--- START ---
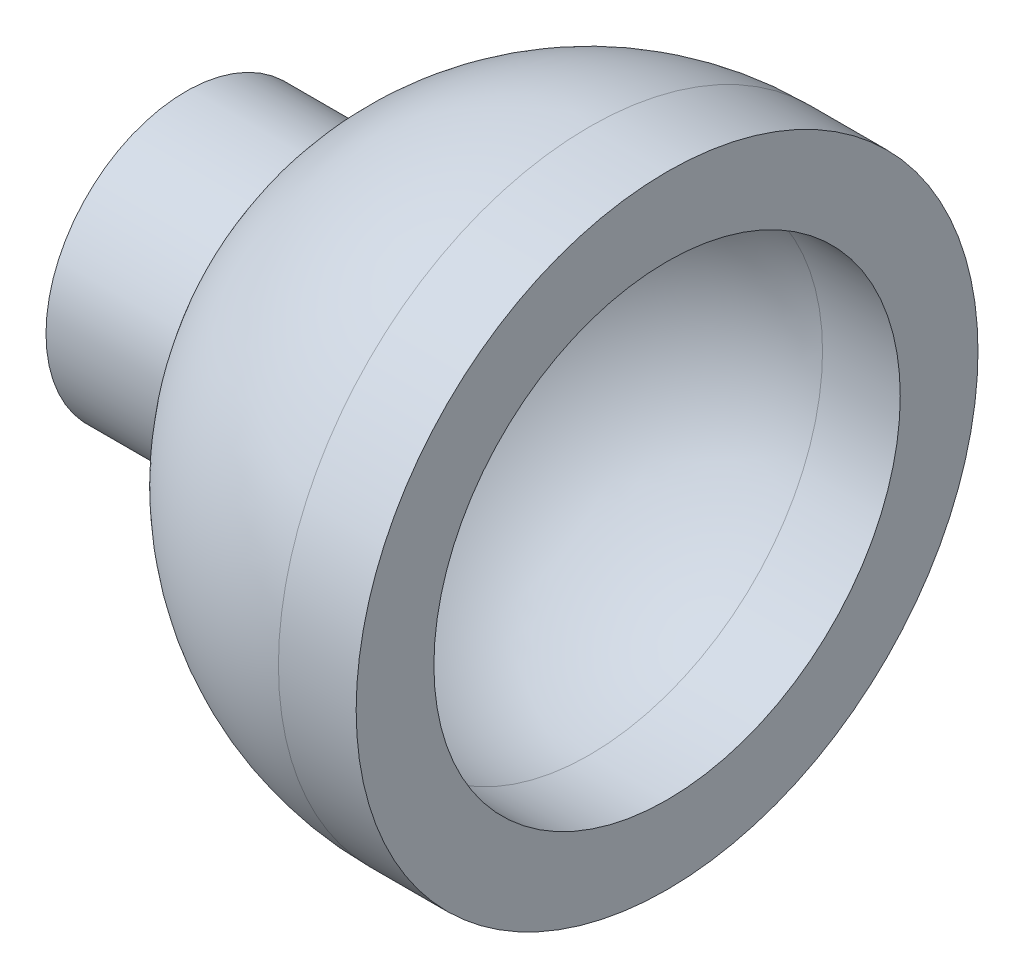
ISO-10303-21;
HEADER;
FILE_DESCRIPTION(('STEP AP214'),'2;1');
FILE_NAME('part.step','',(''),(''),'','','');
FILE_SCHEMA(('AUTOMOTIVE_DESIGN { 1 0 10303 214 1 1 1 1 }'));
ENDSEC;
DATA;
#1=APPLICATION_CONTEXT('core data for automotive mechanical design processes');
#2=APPLICATION_PROTOCOL_DEFINITION('international standard','automotive_design',2000,#1);
#3=PRODUCT_CONTEXT('',#1,'mechanical');
#4=PRODUCT('Part','Part','',(#3));
#5=PRODUCT_RELATED_PRODUCT_CATEGORY('part','',(#4));
#6=PRODUCT_DEFINITION_FORMATION('','',#4);
#7=PRODUCT_DEFINITION_CONTEXT('part definition',#1,'design');
#8=PRODUCT_DEFINITION('design','',#6,#7);
#9=PRODUCT_DEFINITION_SHAPE('','',#8);
#10=(LENGTH_UNIT() NAMED_UNIT(*) SI_UNIT(.MILLI.,.METRE.));
#11=(NAMED_UNIT(*) PLANE_ANGLE_UNIT() SI_UNIT($,.RADIAN.));
#12=(NAMED_UNIT(*) SI_UNIT($,.STERADIAN.) SOLID_ANGLE_UNIT());
#13=UNCERTAINTY_MEASURE_WITH_UNIT(LENGTH_MEASURE(1.E-05),#10,'distance_accuracy_value','');
#14=(GEOMETRIC_REPRESENTATION_CONTEXT(3) GLOBAL_UNCERTAINTY_ASSIGNED_CONTEXT((#13)) GLOBAL_UNIT_ASSIGNED_CONTEXT((#10,
#11,#12)) REPRESENTATION_CONTEXT('',''));
#15=CARTESIAN_POINT('',(0.,0.,0.));
#16=DIRECTION('',(0.,0.,1.));
#17=DIRECTION('',(1.,0.,0.));
#18=AXIS2_PLACEMENT_3D('',#15,#16,#17);
#19=CARTESIAN_POINT('',(-10.3803176832115,1.6,0.));
#20=DIRECTION('',(1.,0.,0.));
#21=DIRECTION('',(0.,0.,-1.));
#22=AXIS2_PLACEMENT_3D('',#19,#20,#21);
#23=PLANE('',#22);
#24=CARTESIAN_POINT('',(-10.3803176832115,0.,0.));
#25=DIRECTION('',(-1.,0.,0.));
#26=DIRECTION('',(0.,0.,1.));
#27=AXIS2_PLACEMENT_3D('',#24,#25,#26);
#28=CIRCLE('',#27,1.6);
#29=CARTESIAN_POINT('',(-10.3803176832115,0.,1.6));
#30=VERTEX_POINT('',#29);
#31=EDGE_CURVE('E10',#30,#30,#28,.T.);
#32=ORIENTED_EDGE('',*,*,#31,.F.);
#33=EDGE_LOOP('',(#32));
#34=FACE_BOUND('',#33,.T.);
#35=CARTESIAN_POINT('',(-10.3803176832115,0.,0.));
#36=DIRECTION('',(-1.,0.,0.));
#37=DIRECTION('',(0.,0.,1.));
#38=AXIS2_PLACEMENT_3D('',#35,#36,#37);
#39=CIRCLE('',#38,3.6);
#40=CARTESIAN_POINT('',(-10.3803176832115,0.,3.6));
#41=VERTEX_POINT('',#40);
#42=EDGE_CURVE('E74',#41,#41,#39,.T.);
#43=ORIENTED_EDGE('',*,*,#42,.T.);
#44=EDGE_LOOP('',(#43));
#45=FACE_BOUND('',#44,.T.);
#46=ADVANCED_FACE('F39',(#34,#45),#23,.F.);
#47=CARTESIAN_POINT('',(-14.8397258525542,0.,0.));
#48=DIRECTION('',(-1.,0.,0.));
#49=DIRECTION('',(0.,0.,1.));
#50=AXIS2_PLACEMENT_3D('',#47,#48,#49);
#51=CYLINDRICAL_SURFACE('',#50,1.6);
#52=CARTESIAN_POINT('',(-5.78273291792038,0.,0.));
#53=DIRECTION('',(-1.,0.,0.));
#54=DIRECTION('',(0.,0.,1.));
#55=AXIS2_PLACEMENT_3D('',#52,#53,#54);
#56=CIRCLE('',#55,1.6);
#57=CARTESIAN_POINT('',(-5.78273291792038,0.,1.6));
#58=VERTEX_POINT('',#57);
#59=EDGE_CURVE('E46',#58,#58,#56,.T.);
#60=ORIENTED_EDGE('',*,*,#59,.F.);
#61=EDGE_LOOP('',(#60));
#62=FACE_BOUND('',#61,.T.);
#63=ORIENTED_EDGE('',*,*,#31,.T.);
#64=EDGE_LOOP('',(#63));
#65=FACE_BOUND('',#64,.T.);
#66=ADVANCED_FACE('F112',(#62,#65),#51,.F.);
#67=CARTESIAN_POINT('',(0.,0.,0.));
#68=DIRECTION('',(-1.,0.,0.));
#69=DIRECTION('',(0.,1.,0.));
#70=AXIS2_PLACEMENT_3D('',#67,#68,#69);
#71=SPHERICAL_SURFACE('',#70,6.);
#72=CARTESIAN_POINT('',(0.,0.,0.));
#73=DIRECTION('',(-1.,0.,0.));
#74=DIRECTION('',(0.,0.,1.));
#75=AXIS2_PLACEMENT_3D('',#72,#73,#74);
#76=CIRCLE('',#75,6.);
#77=CARTESIAN_POINT('',(0.,0.,6.));
#78=VERTEX_POINT('',#77);
#79=EDGE_CURVE('E51',#78,#78,#76,.T.);
#80=ORIENTED_EDGE('',*,*,#79,.F.);
#81=EDGE_LOOP('',(#80));
#82=FACE_BOUND('',#81,.T.);
#83=ORIENTED_EDGE('',*,*,#59,.T.);
#84=EDGE_LOOP('',(#83));
#85=FACE_BOUND('',#84,.T.);
#86=ADVANCED_FACE('F107',(#82,#85),#71,.F.);
#87=CARTESIAN_POINT('',(-14.8397258525542,0.,0.));
#88=DIRECTION('',(-1.,0.,0.));
#89=DIRECTION('',(0.,0.,1.));
#90=AXIS2_PLACEMENT_3D('',#87,#88,#89);
#91=CYLINDRICAL_SURFACE('',#90,6.);
#92=CARTESIAN_POINT('',(2.,0.,0.));
#93=DIRECTION('',(-1.,0.,0.));
#94=DIRECTION('',(0.,0.,1.));
#95=AXIS2_PLACEMENT_3D('',#92,#93,#94);
#96=CIRCLE('',#95,6.);
#97=CARTESIAN_POINT('',(2.,0.,6.));
#98=VERTEX_POINT('',#97);
#99=EDGE_CURVE('E56',#98,#98,#96,.T.);
#100=ORIENTED_EDGE('',*,*,#99,.F.);
#101=EDGE_LOOP('',(#100));
#102=FACE_BOUND('',#101,.T.);
#103=ORIENTED_EDGE('',*,*,#79,.T.);
#104=EDGE_LOOP('',(#103));
#105=FACE_BOUND('',#104,.T.);
#106=ADVANCED_FACE('F101',(#102,#105),#91,.F.);
#107=CARTESIAN_POINT('',(2.,8.,0.));
#108=DIRECTION('',(-1.,0.,0.));
#109=DIRECTION('',(0.,0.,1.));
#110=AXIS2_PLACEMENT_3D('',#107,#108,#109);
#111=PLANE('',#110);
#112=CARTESIAN_POINT('',(2.,0.,0.));
#113=DIRECTION('',(-1.,0.,0.));
#114=DIRECTION('',(0.,0.,1.));
#115=AXIS2_PLACEMENT_3D('',#112,#113,#114);
#116=CIRCLE('',#115,8.);
#117=CARTESIAN_POINT('',(2.,0.,8.));
#118=VERTEX_POINT('',#117);
#119=EDGE_CURVE('E62',#118,#118,#116,.T.);
#120=ORIENTED_EDGE('',*,*,#119,.F.);
#121=EDGE_LOOP('',(#120));
#122=FACE_BOUND('',#121,.T.);
#123=ORIENTED_EDGE('',*,*,#99,.T.);
#124=EDGE_LOOP('',(#123));
#125=FACE_BOUND('',#124,.T.);
#126=ADVANCED_FACE('F95',(#122,#125),#111,.F.);
#127=CARTESIAN_POINT('',(-14.8397258525542,0.,0.));
#128=DIRECTION('',(-1.,0.,0.));
#129=DIRECTION('',(0.,0.,1.));
#130=AXIS2_PLACEMENT_3D('',#127,#128,#129);
#131=CYLINDRICAL_SURFACE('',#130,8.);
#132=CARTESIAN_POINT('',(0.,0.,0.));
#133=DIRECTION('',(-1.,0.,0.));
#134=DIRECTION('',(0.,0.,1.));
#135=AXIS2_PLACEMENT_3D('',#132,#133,#134);
#136=CIRCLE('',#135,8.);
#137=CARTESIAN_POINT('',(0.,0.,8.));
#138=VERTEX_POINT('',#137);
#139=EDGE_CURVE('E66',#138,#138,#136,.T.);
#140=ORIENTED_EDGE('',*,*,#139,.F.);
#141=EDGE_LOOP('',(#140));
#142=FACE_BOUND('',#141,.T.);
#143=ORIENTED_EDGE('',*,*,#119,.T.);
#144=EDGE_LOOP('',(#143));
#145=FACE_BOUND('',#144,.T.);
#146=ADVANCED_FACE('F89',(#142,#145),#131,.T.);
#147=CARTESIAN_POINT('',(0.,0.,0.));
#148=DIRECTION('',(-1.,0.,0.));
#149=DIRECTION('',(0.,1.,0.));
#150=AXIS2_PLACEMENT_3D('',#147,#148,#149);
#151=SPHERICAL_SURFACE('',#150,8.);
#152=CARTESIAN_POINT('',(-7.1442284397967,0.,0.));
#153=DIRECTION('',(-1.,0.,0.));
#154=DIRECTION('',(0.,0.,1.));
#155=AXIS2_PLACEMENT_3D('',#152,#153,#154);
#156=CIRCLE('',#155,3.6);
#157=CARTESIAN_POINT('',(-7.1442284397967,0.,3.6));
#158=VERTEX_POINT('',#157);
#159=EDGE_CURVE('E70',#158,#158,#156,.T.);
#160=ORIENTED_EDGE('',*,*,#159,.F.);
#161=EDGE_LOOP('',(#160));
#162=FACE_BOUND('',#161,.T.);
#163=ORIENTED_EDGE('',*,*,#139,.T.);
#164=EDGE_LOOP('',(#163));
#165=FACE_BOUND('',#164,.T.);
#166=ADVANCED_FACE('F83',(#162,#165),#151,.T.);
#167=CARTESIAN_POINT('',(-14.8397258525542,0.,0.));
#168=DIRECTION('',(-1.,0.,0.));
#169=DIRECTION('',(0.,0.,1.));
#170=AXIS2_PLACEMENT_3D('',#167,#168,#169);
#171=CYLINDRICAL_SURFACE('',#170,3.6);
#172=ORIENTED_EDGE('',*,*,#42,.F.);
#173=EDGE_LOOP('',(#172));
#174=FACE_BOUND('',#173,.T.);
#175=ORIENTED_EDGE('',*,*,#159,.T.);
#176=EDGE_LOOP('',(#175));
#177=FACE_BOUND('',#176,.T.);
#178=ADVANCED_FACE('F80',(#174,#177),#171,.T.);
#179=CLOSED_SHELL('',(#46,#66,#86,#106,#126,#146,#166,#178));
#180=MANIFOLD_SOLID_BREP('B2',#179);
#181=ADVANCED_BREP_SHAPE_REPRESENTATION('',(#18,#180),#14);
#182=SHAPE_DEFINITION_REPRESENTATION(#9,#181);
ENDSEC;
END-ISO-10303-21;
--- END ---
Would you quote everything above from the line containing "#155=AXIS2_PLACEMENT_3D('',#152,#153,#154);" down to the line containing "#165=FACE_BOUND('',#164,.T.);"? Include both of those lines and nothing else.

Exercise answer -
#155=AXIS2_PLACEMENT_3D('',#152,#153,#154);
#156=CIRCLE('',#155,3.6);
#157=CARTESIAN_POINT('',(-7.1442284397967,0.,3.6));
#158=VERTEX_POINT('',#157);
#159=EDGE_CURVE('E70',#158,#158,#156,.T.);
#160=ORIENTED_EDGE('',*,*,#159,.F.);
#161=EDGE_LOOP('',(#160));
#162=FACE_BOUND('',#161,.T.);
#163=ORIENTED_EDGE('',*,*,#139,.T.);
#164=EDGE_LOOP('',(#163));
#165=FACE_BOUND('',#164,.T.);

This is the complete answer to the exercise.